Objectives: Smart phone addiction is rampant worldwide, especially among young adults; hence, its quantification using a reliable and valid instrument is essential. The problematic use of mobile phones (PUMP) scale, designed with 20 items, is a validated tool to assess smart phone addiction based on DSM-5 criteria. This study aims to test the reliability and construct validity of the Arabic version of the PUMP scale among a sample of university students in Saudi Arabia. Methods: This study was conducted among 2367 students of King Saud University, Riyadh, Saudi Arabia. An Arabic version of the PUMP scale was developed; then, its reliability and validity were assessed. The internal consistency of the PUMP scale was assessed using Cronbach's alpha, and its construct validity was assessed by factor analysis. Results: The internal consistency values of the 20 items ranged between 0.904 and 0.912, which are highly statistically significant. The average value of the internal consistency is 0.911 (95% CI: 0.905 to 0.916). The factor analysis provides the 3 factors that can be labelled as Factor1: “use of cell phone longer than intended and activities reduced“, Factor2: “dependence and craving” and Factor3: “use despite failure of obligations, social and physical problems“. Conclusions: The study concludes that the PUMP scale used to quantify smart phone addiction was proven to be reliable and valid in the Arabic language in Saudi population. Future studies are recommended in other parts of Arabic speaking societies to confirm the reliability and construct validity of the Arabic PUMP scale.

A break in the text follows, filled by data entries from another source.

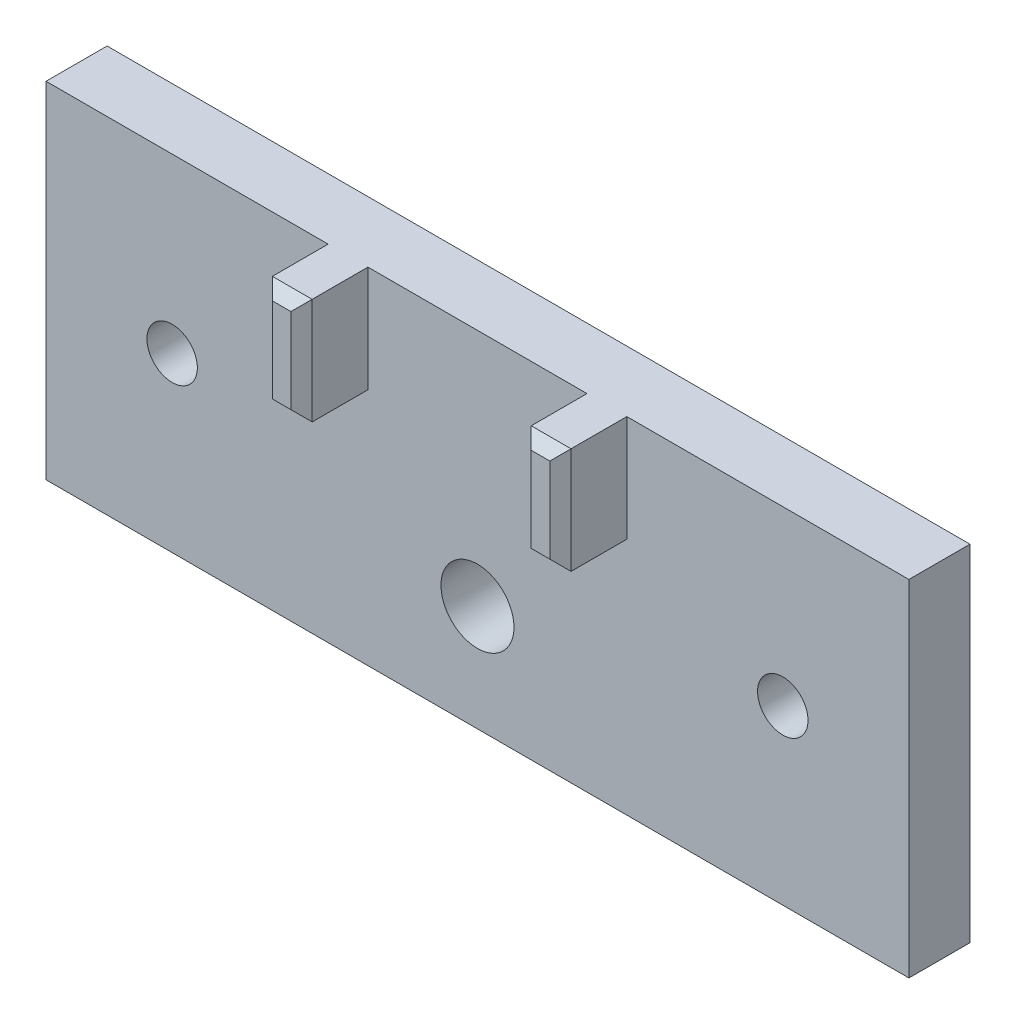
ISO-10303-21;
HEADER;
FILE_DESCRIPTION(('STEP AP214'),'2;1');
FILE_NAME('part.step','',(''),(''),'','','');
FILE_SCHEMA(('AUTOMOTIVE_DESIGN { 1 0 10303 214 1 1 1 1 }'));
ENDSEC;
DATA;
#1=APPLICATION_CONTEXT('core data for automotive mechanical design processes');
#2=APPLICATION_PROTOCOL_DEFINITION('international standard','automotive_design',2000,#1);
#3=PRODUCT_CONTEXT('',#1,'mechanical');
#4=PRODUCT('Part','Part','',(#3));
#5=PRODUCT_RELATED_PRODUCT_CATEGORY('part','',(#4));
#6=PRODUCT_DEFINITION_FORMATION('','',#4);
#7=PRODUCT_DEFINITION_CONTEXT('part definition',#1,'design');
#8=PRODUCT_DEFINITION('design','',#6,#7);
#9=PRODUCT_DEFINITION_SHAPE('','',#8);
#10=(LENGTH_UNIT() NAMED_UNIT(*) SI_UNIT(.MILLI.,.METRE.));
#11=(NAMED_UNIT(*) PLANE_ANGLE_UNIT() SI_UNIT($,.RADIAN.));
#12=(NAMED_UNIT(*) SI_UNIT($,.STERADIAN.) SOLID_ANGLE_UNIT());
#13=UNCERTAINTY_MEASURE_WITH_UNIT(LENGTH_MEASURE(1.E-05),#10,'distance_accuracy_value','');
#14=(GEOMETRIC_REPRESENTATION_CONTEXT(3) GLOBAL_UNCERTAINTY_ASSIGNED_CONTEXT((#13)) GLOBAL_UNIT_ASSIGNED_CONTEXT((#10,
#11,#12)) REPRESENTATION_CONTEXT('',''));
#15=CARTESIAN_POINT('',(0.,0.,0.));
#16=DIRECTION('',(0.,0.,1.));
#17=DIRECTION('',(1.,0.,0.));
#18=AXIS2_PLACEMENT_3D('',#15,#16,#17);
#19=CARTESIAN_POINT('',(0.,0.,5.));
#20=DIRECTION('',(0.,0.,-1.));
#21=DIRECTION('',(-1.,0.,0.));
#22=AXIS2_PLACEMENT_3D('',#19,#20,#21);
#23=PLANE('',#22);
#24=CARTESIAN_POINT('',(55.5,13.,5.));
#25=DIRECTION('',(0.,0.,-1.));
#26=DIRECTION('',(-1.,0.,0.));
#27=AXIS2_PLACEMENT_3D('',#24,#25,#26);
#28=CIRCLE('',#27,1.9);
#29=CARTESIAN_POINT('',(53.6,13.,5.));
#30=VERTEX_POINT('',#29);
#31=EDGE_CURVE('E288',#30,#30,#28,.T.);
#32=ORIENTED_EDGE('',*,*,#31,.T.);
#33=EDGE_LOOP('',(#32));
#34=FACE_BOUND('',#33,.T.);
#35=CARTESIAN_POINT('',(9.5,13.,5.));
#36=DIRECTION('',(0.,0.,-1.));
#37=DIRECTION('',(-1.,0.,0.));
#38=AXIS2_PLACEMENT_3D('',#35,#36,#37);
#39=CIRCLE('',#38,1.9);
#40=CARTESIAN_POINT('',(7.6,13.,5.));
#41=VERTEX_POINT('',#40);
#42=EDGE_CURVE('E199',#41,#41,#39,.T.);
#43=ORIENTED_EDGE('',*,*,#42,.T.);
#44=EDGE_LOOP('',(#43));
#45=FACE_BOUND('',#44,.T.);
#46=CARTESIAN_POINT('',(32.5,8.,5.));
#47=DIRECTION('',(0.,0.,1.));
#48=DIRECTION('',(1.,0.,0.));
#49=AXIS2_PLACEMENT_3D('',#46,#47,#48);
#50=CIRCLE('',#49,2.75);
#51=CARTESIAN_POINT('',(35.25,8.,5.));
#52=VERTEX_POINT('',#51);
#53=EDGE_CURVE('E224',#52,#52,#50,.T.);
#54=ORIENTED_EDGE('',*,*,#53,.F.);
#55=EDGE_LOOP('',(#54));
#56=FACE_BOUND('',#55,.T.);
#57=DIRECTION('',(0.,-1.,0.));
#58=VECTOR('',#57,1.);
#59=CARTESIAN_POINT('',(40.75,26.,5.));
#60=LINE('',#59,#58);
#61=CARTESIAN_POINT('',(40.75,26.,5.));
#62=VERTEX_POINT('',#61);
#63=CARTESIAN_POINT('',(40.75,18.,5.));
#64=VERTEX_POINT('',#63);
#65=EDGE_CURVE('E168',#62,#64,#60,.T.);
#66=ORIENTED_EDGE('',*,*,#65,.F.);
#67=DIRECTION('',(-1.,0.,0.));
#68=VECTOR('',#67,1.);
#69=CARTESIAN_POINT('',(0.,26.,5.));
#70=LINE('',#69,#68);
#71=CARTESIAN_POINT('',(24.25,26.,5.));
#72=VERTEX_POINT('',#71);
#73=EDGE_CURVE('E177',#62,#72,#70,.T.);
#74=ORIENTED_EDGE('',*,*,#73,.T.);
#75=DIRECTION('',(0.,1.,0.));
#76=VECTOR('',#75,1.);
#77=CARTESIAN_POINT('',(24.25,26.,5.));
#78=LINE('',#77,#76);
#79=CARTESIAN_POINT('',(24.25,18.,5.));
#80=VERTEX_POINT('',#79);
#81=EDGE_CURVE('E215',#80,#72,#78,.T.);
#82=ORIENTED_EDGE('',*,*,#81,.F.);
#83=DIRECTION('',(1.,0.,0.));
#84=VECTOR('',#83,1.);
#85=CARTESIAN_POINT('',(21.25,18.,5.));
#86=LINE('',#85,#84);
#87=CARTESIAN_POINT('',(21.25,18.,5.));
#88=VERTEX_POINT('',#87);
#89=EDGE_CURVE('E212',#88,#80,#86,.T.);
#90=ORIENTED_EDGE('',*,*,#89,.F.);
#91=DIRECTION('',(0.,-1.,0.));
#92=VECTOR('',#91,1.);
#93=CARTESIAN_POINT('',(21.25,26.,5.));
#94=LINE('',#93,#92);
#95=CARTESIAN_POINT('',(21.25,26.,5.));
#96=VERTEX_POINT('',#95);
#97=EDGE_CURVE('E209',#96,#88,#94,.T.);
#98=ORIENTED_EDGE('',*,*,#97,.F.);
#99=CARTESIAN_POINT('',(0.,26.,5.));
#100=VERTEX_POINT('',#99);
#101=EDGE_CURVE('E186',#96,#100,#70,.T.);
#102=ORIENTED_EDGE('',*,*,#101,.T.);
#103=DIRECTION('',(0.,-1.,0.));
#104=VECTOR('',#103,1.);
#105=CARTESIAN_POINT('',(0.,0.,5.));
#106=LINE('',#105,#104);
#107=CARTESIAN_POINT('',(0.,0.,5.));
#108=VERTEX_POINT('',#107);
#109=EDGE_CURVE('E227',#100,#108,#106,.T.);
#110=ORIENTED_EDGE('',*,*,#109,.T.);
#111=DIRECTION('',(1.,0.,0.));
#112=VECTOR('',#111,1.);
#113=CARTESIAN_POINT('',(0.,0.,5.));
#114=LINE('',#113,#112);
#115=CARTESIAN_POINT('',(65.,0.,5.));
#116=VERTEX_POINT('',#115);
#117=EDGE_CURVE('E230',#108,#116,#114,.T.);
#118=ORIENTED_EDGE('',*,*,#117,.T.);
#119=DIRECTION('',(0.,1.,0.));
#120=VECTOR('',#119,1.);
#121=CARTESIAN_POINT('',(65.,0.,5.));
#122=LINE('',#121,#120);
#123=CARTESIAN_POINT('',(65.,26.,5.));
#124=VERTEX_POINT('',#123);
#125=EDGE_CURVE('E232',#116,#124,#122,.T.);
#126=ORIENTED_EDGE('',*,*,#125,.T.);
#127=CARTESIAN_POINT('',(43.75,26.,5.));
#128=VERTEX_POINT('',#127);
#129=EDGE_CURVE('E185',#124,#128,#70,.T.);
#130=ORIENTED_EDGE('',*,*,#129,.T.);
#131=DIRECTION('',(0.,1.,0.));
#132=VECTOR('',#131,1.);
#133=CARTESIAN_POINT('',(43.75,26.,5.));
#134=LINE('',#133,#132);
#135=CARTESIAN_POINT('',(43.75,18.,5.));
#136=VERTEX_POINT('',#135);
#137=EDGE_CURVE('E174',#136,#128,#134,.T.);
#138=ORIENTED_EDGE('',*,*,#137,.F.);
#139=DIRECTION('',(1.,0.,0.));
#140=VECTOR('',#139,1.);
#141=CARTESIAN_POINT('',(40.75,18.,5.));
#142=LINE('',#141,#140);
#143=EDGE_CURVE('E191',#64,#136,#142,.T.);
#144=ORIENTED_EDGE('',*,*,#143,.F.);
#145=EDGE_LOOP('',(#66,#74,#82,#90,#98,#102,#110,#118,#126,#130,#138,#144));
#146=FACE_BOUND('',#145,.T.);
#147=ADVANCED_FACE('F33',(#34,#45,#56,#146),#23,.F.);
#148=CARTESIAN_POINT('',(0.,0.,5.));
#149=DIRECTION('',(1.,0.,0.));
#150=DIRECTION('',(0.,0.,-1.));
#151=AXIS2_PLACEMENT_3D('',#148,#149,#150);
#152=PLANE('',#151);
#153=DIRECTION('',(0.,0.,-1.));
#154=VECTOR('',#153,1.);
#155=CARTESIAN_POINT('',(0.,26.,5.));
#156=LINE('',#155,#154);
#157=CARTESIAN_POINT('',(0.,26.,0.399999999999998));
#158=VERTEX_POINT('',#157);
#159=EDGE_CURVE('E235',#100,#158,#156,.T.);
#160=ORIENTED_EDGE('',*,*,#159,.T.);
#161=DIRECTION('',(0.,-1.,0.));
#162=VECTOR('',#161,1.);
#163=CARTESIAN_POINT('',(0.,0.,0.399999999999998));
#164=LINE('',#163,#162);
#165=CARTESIAN_POINT('',(0.,0.,0.399999999999998));
#166=VERTEX_POINT('',#165);
#167=EDGE_CURVE('E317',#158,#166,#164,.T.);
#168=ORIENTED_EDGE('',*,*,#167,.T.);
#169=DIRECTION('',(0.,0.,-1.));
#170=VECTOR('',#169,1.);
#171=CARTESIAN_POINT('',(0.,0.,5.));
#172=LINE('',#171,#170);
#173=EDGE_CURVE('E241',#108,#166,#172,.T.);
#174=ORIENTED_EDGE('',*,*,#173,.F.);
#175=ORIENTED_EDGE('',*,*,#109,.F.);
#176=EDGE_LOOP('',(#160,#168,#174,#175));
#177=FACE_BOUND('',#176,.T.);
#178=ADVANCED_FACE('F361',(#177),#152,.F.);
#179=CARTESIAN_POINT('',(0.,0.,5.));
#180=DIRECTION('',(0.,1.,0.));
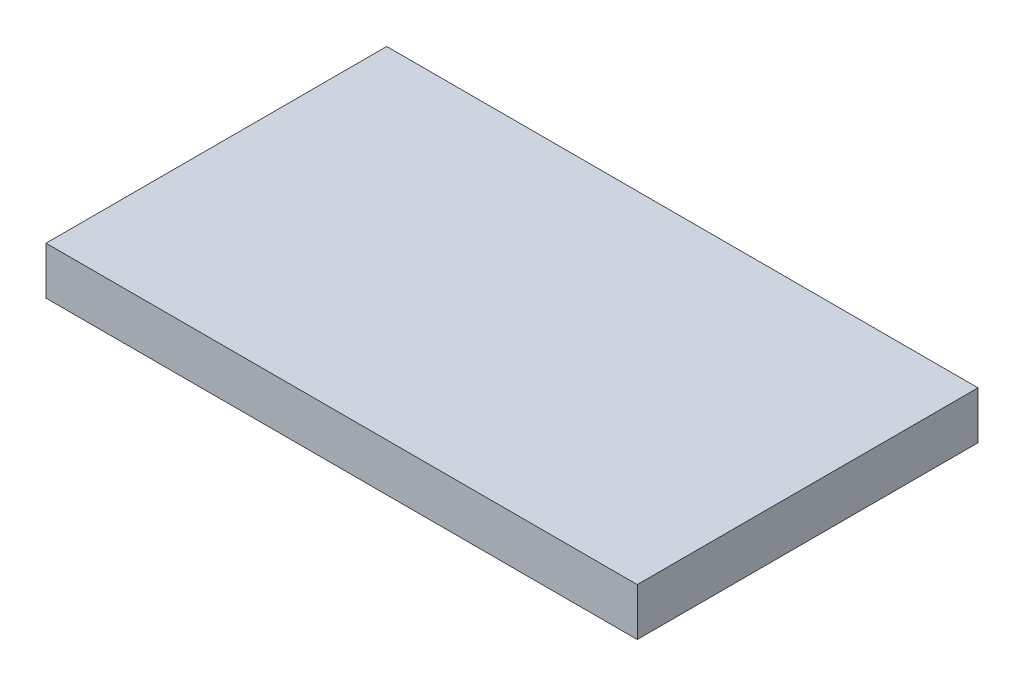
ISO-10303-21;
HEADER;
FILE_DESCRIPTION(('STEP AP214'),'2;1');
FILE_NAME('part.step','',(''),(''),'','','');
FILE_SCHEMA(('AUTOMOTIVE_DESIGN { 1 0 10303 214 1 1 1 1 }'));
ENDSEC;
DATA;
#1=APPLICATION_CONTEXT('core data for automotive mechanical design processes');
#2=APPLICATION_PROTOCOL_DEFINITION('international standard','automotive_design',2000,#1);
#3=PRODUCT_CONTEXT('',#1,'mechanical');
#4=PRODUCT('Part','Part','',(#3));
#5=PRODUCT_RELATED_PRODUCT_CATEGORY('part','',(#4));
#6=PRODUCT_DEFINITION_FORMATION('','',#4);
#7=PRODUCT_DEFINITION_CONTEXT('part definition',#1,'design');
#8=PRODUCT_DEFINITION('design','',#6,#7);
#9=PRODUCT_DEFINITION_SHAPE('','',#8);
#10=(LENGTH_UNIT() NAMED_UNIT(*) SI_UNIT(.MILLI.,.METRE.));
#11=(NAMED_UNIT(*) PLANE_ANGLE_UNIT() SI_UNIT($,.RADIAN.));
#12=(NAMED_UNIT(*) SI_UNIT($,.STERADIAN.) SOLID_ANGLE_UNIT());
#13=UNCERTAINTY_MEASURE_WITH_UNIT(LENGTH_MEASURE(1.E-05),#10,'distance_accuracy_value','');
#14=(GEOMETRIC_REPRESENTATION_CONTEXT(3) GLOBAL_UNCERTAINTY_ASSIGNED_CONTEXT((#13)) GLOBAL_UNIT_ASSIGNED_CONTEXT((#10,
#11,#12)) REPRESENTATION_CONTEXT('',''));
#15=CARTESIAN_POINT('',(0.,0.,0.));
#16=DIRECTION('',(0.,0.,1.));
#17=DIRECTION('',(1.,0.,0.));
#18=AXIS2_PLACEMENT_3D('',#15,#16,#17);
#19=CARTESIAN_POINT('',(0.,9.5,0.));
#20=DIRECTION('',(-1.,0.,0.));
#21=DIRECTION('',(0.,0.,1.));
#22=AXIS2_PLACEMENT_3D('',#19,#20,#21);
#23=PLANE('',#22);
#24=DIRECTION('',(0.,0.,-1.));
#25=VECTOR('',#24,1.);
#26=CARTESIAN_POINT('',(0.,0.,0.));
#27=LINE('',#26,#25);
#28=CARTESIAN_POINT('',(0.,0.,0.));
#29=VERTEX_POINT('',#28);
#30=CARTESIAN_POINT('',(0.,0.,-68.));
#31=VERTEX_POINT('',#30);
#32=EDGE_CURVE('E97',#29,#31,#27,.T.);
#33=ORIENTED_EDGE('',*,*,#32,.T.);
#34=DIRECTION('',(0.,-1.,0.));
#35=VECTOR('',#34,1.);
#36=CARTESIAN_POINT('',(0.,9.5,-68.));
#37=LINE('',#36,#35);
#38=CARTESIAN_POINT('',(0.,9.5,-68.));
#39=VERTEX_POINT('',#38);
#40=EDGE_CURVE('E11',#39,#31,#37,.T.);
#41=ORIENTED_EDGE('',*,*,#40,.F.);
#42=DIRECTION('',(0.,0.,-1.));
#43=VECTOR('',#42,1.);
#44=CARTESIAN_POINT('',(0.,9.5,0.));
#45=LINE('',#44,#43);
#46=CARTESIAN_POINT('',(0.,9.5,0.));
#47=VERTEX_POINT('',#46);
#48=EDGE_CURVE('E85',#47,#39,#45,.T.);
#49=ORIENTED_EDGE('',*,*,#48,.F.);
#50=DIRECTION('',(0.,-1.,0.));
#51=VECTOR('',#50,1.);
#52=CARTESIAN_POINT('',(0.,9.5,0.));
#53=LINE('',#52,#51);
#54=EDGE_CURVE('E93',#47,#29,#53,.T.);
#55=ORIENTED_EDGE('',*,*,#54,.T.);
#56=EDGE_LOOP('',(#33,#41,#49,#55));
#57=FACE_BOUND('',#56,.T.);
#58=ADVANCED_FACE('F34',(#57),#23,.F.);
#59=CARTESIAN_POINT('',(0.,9.5,-68.));
#60=DIRECTION('',(0.,0.,1.));
#61=DIRECTION('',(1.,0.,0.));
#62=AXIS2_PLACEMENT_3D('',#59,#60,#61);
#63=PLANE('',#62);
#64=DIRECTION('',(-1.,0.,0.));
#65=VECTOR('',#64,1.);
#66=CARTESIAN_POINT('',(0.,0.,-68.));
#67=LINE('',#66,#65);
#68=CARTESIAN_POINT('',(-118.,0.,-68.));
#69=VERTEX_POINT('',#68);
#70=EDGE_CURVE('E89',#31,#69,#67,.T.);
#71=ORIENTED_EDGE('',*,*,#70,.T.);
#72=DIRECTION('',(0.,-1.,0.));
#73=VECTOR('',#72,1.);
#74=CARTESIAN_POINT('',(-118.,9.5,-68.));
#75=LINE('',#74,#73);
#76=CARTESIAN_POINT('',(-118.,9.5,-68.));
#77=VERTEX_POINT('',#76);
#78=EDGE_CURVE('E42',#77,#69,#75,.T.);
#79=ORIENTED_EDGE('',*,*,#78,.F.);
#80=DIRECTION('',(-1.,0.,0.));
#81=VECTOR('',#80,1.);
#82=CARTESIAN_POINT('',(0.,9.5,-68.));
#83=LINE('',#82,#81);
#84=EDGE_CURVE('E80',#39,#77,#83,.T.);
#85=ORIENTED_EDGE('',*,*,#84,.F.);
#86=ORIENTED_EDGE('',*,*,#40,.T.);
#87=EDGE_LOOP('',(#71,#79,#85,#86));
#88=FACE_BOUND('',#87,.T.);
#89=ADVANCED_FACE('F88',(#88),#63,.F.);
#90=CARTESIAN_POINT('',(-118.,9.5,0.));
#91=DIRECTION('',(1.,0.,0.));
#92=DIRECTION('',(0.,0.,-1.));
#93=AXIS2_PLACEMENT_3D('',#90,#91,#92);
#94=PLANE('',#93);
#95=DIRECTION('',(0.,0.,1.));
#96=VECTOR('',#95,1.);
#97=CARTESIAN_POINT('',(-118.,0.,0.));
#98=LINE('',#97,#96);
#99=CARTESIAN_POINT('',(-118.,0.,0.));
#100=VERTEX_POINT('',#99);
#101=EDGE_CURVE('E67',#69,#100,#98,.T.);
#102=ORIENTED_EDGE('',*,*,#101,.T.);
#103=DIRECTION('',(0.,-1.,0.));
#104=VECTOR('',#103,1.);
#105=CARTESIAN_POINT('',(-118.,9.5,0.));
#106=LINE('',#105,#104);
#107=CARTESIAN_POINT('',(-118.,9.5,0.));
#108=VERTEX_POINT('',#107);
#109=EDGE_CURVE('E90',#108,#100,#106,.T.);
#110=ORIENTED_EDGE('',*,*,#109,.F.);
#111=DIRECTION('',(0.,0.,1.));
#112=VECTOR('',#111,1.);
#113=CARTESIAN_POINT('',(-118.,9.5,0.));
#114=LINE('',#113,#112);
#115=EDGE_CURVE('E83',#77,#108,#114,.T.);
#116=ORIENTED_EDGE('',*,*,#115,.F.);
#117=ORIENTED_EDGE('',*,*,#78,.T.);
#118=EDGE_LOOP('',(#102,#110,#116,#117));
#119=FACE_BOUND('',#118,.T.);
#120=ADVANCED_FACE('F91',(#119),#94,.F.);
#121=CARTESIAN_POINT('',(0.,9.5,0.));
#122=DIRECTION('',(0.,0.,-1.));
#123=DIRECTION('',(-1.,0.,0.));
#124=AXIS2_PLACEMENT_3D('',#121,#122,#123);
#125=PLANE('',#124);
#126=DIRECTION('',(1.,0.,0.));
#127=VECTOR('',#126,1.);
#128=CARTESIAN_POINT('',(0.,0.,0.));
#129=LINE('',#128,#127);
#130=EDGE_CURVE('E73',#100,#29,#129,.T.);
#131=ORIENTED_EDGE('',*,*,#130,.T.);
#132=ORIENTED_EDGE('',*,*,#54,.F.);
#133=DIRECTION('',(1.,0.,0.));
#134=VECTOR('',#133,1.);
#135=CARTESIAN_POINT('',(0.,9.5,0.));
#136=LINE('',#135,#134);
#137=EDGE_CURVE('E50',#108,#47,#136,.T.);
#138=ORIENTED_EDGE('',*,*,#137,.F.);
#139=ORIENTED_EDGE('',*,*,#109,.T.);
#140=EDGE_LOOP('',(#131,#132,#138,#139));
#141=FACE_BOUND('',#140,.T.);
#142=ADVANCED_FACE('F104',(#141),#125,.F.);
#143=CARTESIAN_POINT('',(0.,9.5,0.));
#144=DIRECTION('',(0.,1.,0.));
#145=DIRECTION('',(0.,0.,1.));
#146=AXIS2_PLACEMENT_3D('',#143,#144,#145);
#147=PLANE('',#146);
#148=ORIENTED_EDGE('',*,*,#48,.T.);
#149=ORIENTED_EDGE('',*,*,#84,.T.);
#150=ORIENTED_EDGE('',*,*,#115,.T.);
#151=ORIENTED_EDGE('',*,*,#137,.T.);
#152=EDGE_LOOP('',(#148,#149,#150,#151));
#153=FACE_BOUND('',#152,.T.);
#154=ADVANCED_FACE('F81',(#153),#147,.T.);
#155=CARTESIAN_POINT('',(0.,0.,0.));
#156=DIRECTION('',(0.,1.,0.));
#157=DIRECTION('',(0.,0.,1.));
#158=AXIS2_PLACEMENT_3D('',#155,#156,#157);
#159=PLANE('',#158);
#160=ORIENTED_EDGE('',*,*,#32,.F.);
#161=ORIENTED_EDGE('',*,*,#130,.F.);
#162=ORIENTED_EDGE('',*,*,#101,.F.);
#163=ORIENTED_EDGE('',*,*,#70,.F.);
#164=EDGE_LOOP('',(#160,#161,#162,#163));
#165=FACE_BOUND('',#164,.T.);
#166=ADVANCED_FACE('F107',(#165),#159,.F.);
#167=CLOSED_SHELL('',(#58,#89,#120,#142,#154,#166));
#168=MANIFOLD_SOLID_BREP('B2',#167);
#169=ADVANCED_BREP_SHAPE_REPRESENTATION('',(#18,#168),#14);
#170=SHAPE_DEFINITION_REPRESENTATION(#9,#169);
ENDSEC;
END-ISO-10303-21;

Keywords: Addiction, Problematic use of mobile phones scale, smartphones, techno-disorders, PUMP scale


How to cite this article:
Alshahwan H, Alosaimi FD, Alyahya H, Mahyijari NA, Shaik SA. Arabic validation of problematic use of mobile phone scale among university students in Saudi Arabia. J Nat Sci Med 2020;3:101-6

How to cite this URL:
Alshahwan H, Alosaimi FD, Alyahya H, Mahyijari NA, Shaik SA. Arabic validation of problematic use of mobile phone scale among university students in Saudi Arabia. J Nat Sci Med [serial online] 2020 [cited 2020 Jun 5];3:101-6. Available from: http://www.jnsmonline.org/text.asp?2020/3/2/101/278240




  Introduction Top


Smartphones are popular technological devices, capable of processing more information than other mobile devices that are used merely for communication, including specific applications such as the 4G internet, multimedia, and navigation.[1] At the time of this study, there were approximately 1.5 billion smartphone users in the global population, with a forecast for that number to exceed 5 billion by 2019. In Saudi Arabia, the commercial success of smartphones such as iPhones and Android devices is due to their functionality and potential capabilities. Moreover, smartphones are gaining importance in health care and attracting the attention of researchers and developers of health care-related applications.[2] Smartphones are also defined as specialized mobile phones consisting of additional computing capabilities and are positioning to be the principal platforms for the next generation of improvements in clinical practice.[3],[4] The initial difference between basic mobile telephones and smartphones is that smartphones offer easy access to the Internet and various applications can be downloaded onto smartphones.[5] In professional health care, the role of smartphones is becoming robust and effective by providing access to tailored information to aid in decision-making in nearly all medical specialties.[6]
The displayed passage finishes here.